2016/07/13
経団連は6日、平成28年春闘の妥結状況(118社回答)を発表した。大手企業での定期昇給と賃金水準全体を底上げするベースアップ(ベア)による月例賃金の引き上げは、額が7497円、率が2・27%となった。安倍晋三政権が企業に賃上げを要請する「官製春闘」3年目で、26年、27年に続き、額で7千円、率で2%を超えたが、上昇率は過去2年に比べ、鈍化している。
今回賃上げ率が伸び悩んだのは、中国経済の減速や円高の進行などで、景気先行き不透明感が増したことに加え、労組側もベア要求を減らしたことが要因と、経団連では分析している。

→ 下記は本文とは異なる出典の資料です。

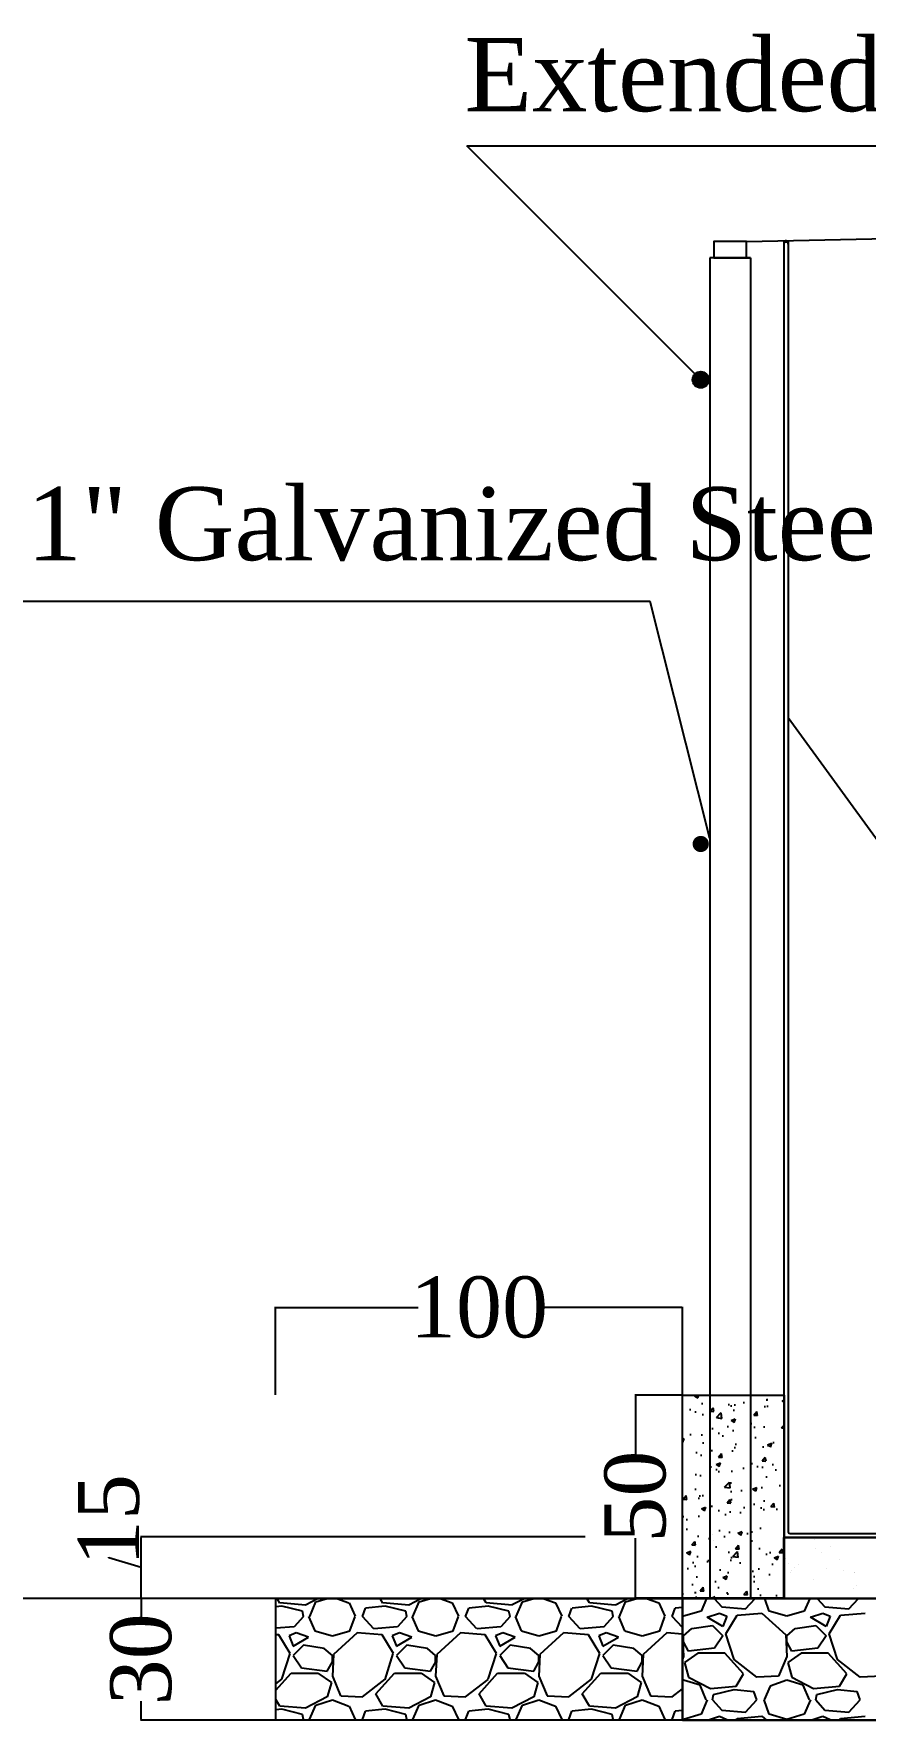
# Model space of a CAD drawing. Header units: centimetres. Extents: x 19229 to 51025, y 9487 to 24710.
# Drawn here: x 25544.3 to 25748.8, y 10798.9 to 11214.1 of the extents above; entities that cross this region are included whole.
import ezdxf

# ---------------------------------------------------------------- set-up
doc = ezdxf.new("R2010")
doc.units = ezdxf.units.CM
doc.layers.get('0').update_dxf_attribs({"linetype": 'CONTINUOUS'})
doc.layers.get('DEFPOINTS').update_dxf_attribs({"linetype": 'CONTINUOUS'})
doc.styles.add('style2', font='times.ttf', dxfattribs={"height": 15})
doc.styles.add('style3', font='times.ttf', dxfattribs={"height": 25})
doc.dimstyles.get("Standard").update_dxf_attribs({"dimtxt": 15, "dimasz": 0.18, "dimexe": 0.18, "dimexo": 0.0625, "dimgap": 0.09, "dimtad": 0, "dimdec": 0, "dimzin": 0, "dimdsep": 46, "dimtxsty": 'style2', "dimcen": 0.09, "dimadec": 0, "dimazin": 0, "dimtfac": 1, "dimtdec": 0, "dimtofl": 0, "dimtmove": 0, "dimatfit": 3, "dimfxl": 1, "dimtolj": 1, "dimtzin": 0, "dimarcsym": 0})
pattern_1 = [(37.5, (3570.38, 1228.156), (-1.60003, 48.941324), [0, -38.608, 0, -43.18, 0, -41.275]), (7.5, (3570.38, 1228.156), (44.95233, 71.68251), [0, -20.828, 0, -34.798, 0, -13.335]), (327.5, (3539.136, 1228.156), (79.09924, 0.14372), [0, -12.7, 0, -45.72, 0, -59.69]), (317.5, (3539.136, 1228.156), (76.35565, 22.29293), [0, -6.35, 0, -29.972, 0, -34.29])]

# ---------------------------------------------------------------- blocks, each defined once
blk = doc.blocks.new('*D52')
at = {"color": 0, "lineweight": -2, "transparency": 16777216}
for p, q in [((25603.77, 10828.91), (25570.51, 10828.91)), ((25570.69, 10828.73), (25570.69, 10824.23)), ((25570.69, 10799.09), (25570.69, 10803.58)), ((25603.77, 10798.91), (25570.51, 10798.91))]:
    blk.add_line(p, q, dxfattribs=at)
at = {"color": 0, "transparency": 16777216}
for points in [[(25570.66, 10828.73), (25570.72, 10828.73), (25570.69, 10828.91)], [(25570.66, 10799.09), (25570.72, 10799.09), (25570.69, 10798.91)]]:
    blk.add_solid(points, dxfattribs=at)
at = {"layer": 'DEFPOINTS', "color": 0, "transparency": 16777216}
for p in [(25570.69, 10828.91), (25603.83, 10828.91), (25603.83, 10798.91)]:
    blk.add_point(p, dxfattribs=at)
at = {"color": 0, "transparency": 16777216, "insert": (25570.69, 10813.91), "char_height": 15, "attachment_point": 5, "rotation": 90, "style": 'style2'}
blk.add_mtext('\\A1;30', dxfattribs=at)
blk = doc.blocks.new('*D53')
at = {"color": 0, "lineweight": -2, "transparency": 16777216}
for p, q in [((25679.92, 10844.09), (25570.51, 10844.09)), ((25570.69, 10829.09), (25570.69, 10843.91)), ((25562.74, 10838.88), (25562.74, 10839.06)), ((25570.69, 10836.5), (25562.74, 10838.88)), ((25603.77, 10828.91), (25570.51, 10828.91))]:
    blk.add_line(p, q, dxfattribs=at)
at = {"color": 0, "transparency": 16777216}
for points in [[(25570.66, 10843.91), (25570.72, 10843.91), (25570.69, 10844.09)], [(25570.66, 10829.09), (25570.72, 10829.09), (25570.69, 10828.91)]]:
    blk.add_solid(points, dxfattribs=at)
at = {"layer": 'DEFPOINTS', "color": 0, "transparency": 16777216}
for p in [(25570.69, 10844.09), (25679.98, 10844.09), (25603.83, 10828.91)]:
    blk.add_point(p, dxfattribs=at)
at = {"color": 0, "transparency": 16777216, "insert": (25562.74, 10848.2), "char_height": 15, "attachment_point": 5, "rotation": 90, "style": 'style2'}
blk.add_mtext('\\A1;15', dxfattribs=at)
blk = doc.blocks.new('*D55')
at = {"color": 0, "lineweight": -2, "ltscale": 20, "transparency": 16777216}
for p, q in [((25703.78, 10878.97), (25692.1, 10878.97)), ((25692.28, 10878.79), (25692.28, 10864.21)), ((25692.28, 10829.15), (25692.28, 10843.73)), ((25703.78, 10828.97), (25692.1, 10828.97))]:
    blk.add_line(p, q, dxfattribs=at)
at = {"color": 0, "ltscale": 20, "transparency": 16777216}
for points in [[(25692.25, 10878.79), (25692.31, 10878.79), (25692.28, 10878.97)], [(25692.25, 10829.15), (25692.31, 10829.15), (25692.28, 10828.97)]]:
    blk.add_solid(points, dxfattribs=at)
at = {"layer": 'DEFPOINTS', "color": 0, "ltscale": 20, "transparency": 16777216}
for p in [(25703.85, 10878.97), (25692.28, 10828.97), (25703.85, 10828.97)]:
    blk.add_point(p, dxfattribs=at)
at = {"color": 0, "ltscale": 20, "transparency": 16777216, "insert": (25692.28, 10853.97), "char_height": 15, "attachment_point": 5, "rotation": 90, "style": 'style2'}
blk.add_mtext('\\A1;50', dxfattribs=at)
blk = doc.blocks.new('*D56')
at = {"color": 0, "lineweight": -2, "ltscale": 20, "transparency": 16777216}
for p, q in [((25603.77, 10879.04), (25603.77, 10900.72)), ((25603.95, 10900.54), (25638.8, 10900.54)), ((25703.67, 10900.54), (25668.82, 10900.54)), ((25703.85, 10879.04), (25703.85, 10900.72))]:
    blk.add_line(p, q, dxfattribs=at)
at = {"color": 0, "ltscale": 20, "transparency": 16777216}
for points in [[(25603.95, 10900.57), (25603.95, 10900.51), (25603.77, 10900.54)], [(25703.67, 10900.57), (25703.67, 10900.51), (25703.85, 10900.54)]]:
    blk.add_solid(points, dxfattribs=at)
at = {"layer": 'DEFPOINTS', "color": 0, "ltscale": 20, "transparency": 16777216}
for p in [(25603.77, 10900.54), (25603.77, 10878.97), (25703.85, 10878.97)]:
    blk.add_point(p, dxfattribs=at)
at = {"color": 0, "ltscale": 20, "transparency": 16777216, "insert": (25653.81, 10900.54), "char_height": 15, "attachment_point": 5, "style": 'style2'}
blk.add_mtext('\\A1;100', dxfattribs=at)

msp = doc.modelspace()

# ---------------------------------------------------------------- hatches: boundary and pattern name
at = {"ltscale": 20}
h = msp.add_hatch(color=7, dxfattribs=at)
h.dxf.hatch_style = 1
h.paths.add_polyline_path([(25729.9, 11162.55, -0.125851), (25729.83, 11162.28), (25729.83, 11162.55), (25728.79, 11162.55, -1)])
h = msp.add_hatch(color=7, dxfattribs=at)
h.dxf.hatch_style = 1
h.paths.add_polyline_path([(25710.35, 11128.91, 1), (25706.35, 11128.91, 1)])
h = msp.add_hatch(color=7, dxfattribs=at)
h.dxf.hatch_style = 1
h.paths.add_polyline_path([(25710.35, 11014.63, 1), (25706.35, 11014.63, 1)])
at = {"ltscale": 500}
h = msp.add_hatch(dxfattribs=at)
h.set_pattern_fill('CONCRETE_C', scale=1.5, pattern_type=2)
h.set_pattern_definition([(50, (5293.612, 994.315), (10.7589027, -0.941282), [1.125, -12.375]), (355, (5293.612, 994.315), (-2.08127, 11.282882), [0.9, -9.9]), (100.4514, (5294.509, 994.237), (8.6776407, 10.341593), [0.956103, -10.5171317]), (46.1842, (5293.612, 997.315), (16.008616, -2.482785), [1.6875, -18.5625]), (96.6356, (5294.946, 997.108), (14.019941, 14.611768), [1.434154, -15.775695]), (351.1842, (5293.612, 997.315), (14.019929, 14.611779), [1.35, -14.85]), (21, (5295.112, 996.565), (8.9536058, -6.0392834), [1.125, -12.375]), (326, (5295.112, 996.565), (3.64973, 10.8772507), [0.9, -9.9]), (71.4514, (5295.858, 996.062), (12.6033394, 4.8379575), [0.956103, -10.5171317]), (37.5, (5293.612, 994.3153), (0.1823978, 4.9934078), [0, -9.78, 0, -10.05, 0, -9.9375]), (7.5, (5293.612, 994.315), (3.946043, 5.9161757), [0, -5.73, 0, -9.555, 0, -3.7875]), (327.5, (5290.267, 994.3153), (8.00733654, -0.3383231), [0, -3.75, 0, -11.7, 0, -15.525]), (317.5, (5288.767, 994.315), (8.7477925, 1.5015747), [0, -4.875, 0, -7.77, 0, -11.025])])
h.paths.add_polyline_path([(25703.85, 10878.97), (25728.85, 10878.97), (25728.85, 10828.97), (25703.85, 10828.97)])
h = msp.add_hatch()
h.set_pattern_fill('AR-SAND')
h.set_pattern_definition(pattern_1)
h.paths.add_polyline_path([(25728.83, 10843.91), (26127.73, 10843.91), (26127.73, 10833.91), (26127.73, 10828.91), (25728.83, 10828.91)])
h = msp.add_hatch()
h.set_pattern_fill('AR-SAND')
h.set_pattern_definition(pattern_1)
h.paths.add_polyline_path([(25728.83, 10843.91), (26127.73, 10843.91), (26127.73, 10833.91), (26127.73, 10828.91), (25728.83, 10828.91)])
h = msp.add_hatch()
h.set_pattern_fill('GRAVEL')
h.set_pattern_definition([(228.0127875, (3588.6661, 105.5172), (-203.20000002, -228.59999999), [3.417214, -338.304836]), (184.969741, (3586.3801, 102.9772), (304.79999988, 25.400001447), [5.864047, -580.54049]), (132.510447, (3580.5381, 102.4692), (254.00000011, -279.3999999), [4.134815, -409.347228]), (267.273689, (3570.6321, 96.1192), (25.400000053, 508), [5.340045, -528.664374]), (292.833654, (3570.3781, 90.7852), (-127.00000001, 304.799999996), [5.236337, -518.398077]), (357.273689, (3572.4101, 85.9592), (-508, 25.400000053), [5.340045, -528.664374]), (37.6942405, (3577.7441, 85.7052), (-330.199999985, -254.00000002), [7.061937, -699.131153]), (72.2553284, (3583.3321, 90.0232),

業種別では、賃上げ率が最も高いのが建設。会社や業界団体の要請で詳細は明らかにしていないが、3%を上回り、額でも1万円を超えているもようだ。東京オリンピック・パラリンピックに向けた建設特需で業績が大きく改善していることに加え、建設業界での人手不足から初任給の引き上げなどで他業界を上回った。これに、造船が2・38%、自動車が2・37%で続いた。
(産経新聞 7月6日)
来春の賃上げは、英国のEU離脱による混乱が長引けば楽観視できない。延期された消費増税をめぐる景気後退論が強まって、賃上げを手控える企業が増えるだろう。大手企業の賃上げ一服は、中小企業にとっては安堵の材料だ。
大手の賃上げに引きずられるように賃上げを挙行した中小企業には、人件費倒産リスクが発生しかねない。人手不足は解消する見通しにないが、賃上げ以外の手段で採用活動をできる環境になればよいのだが。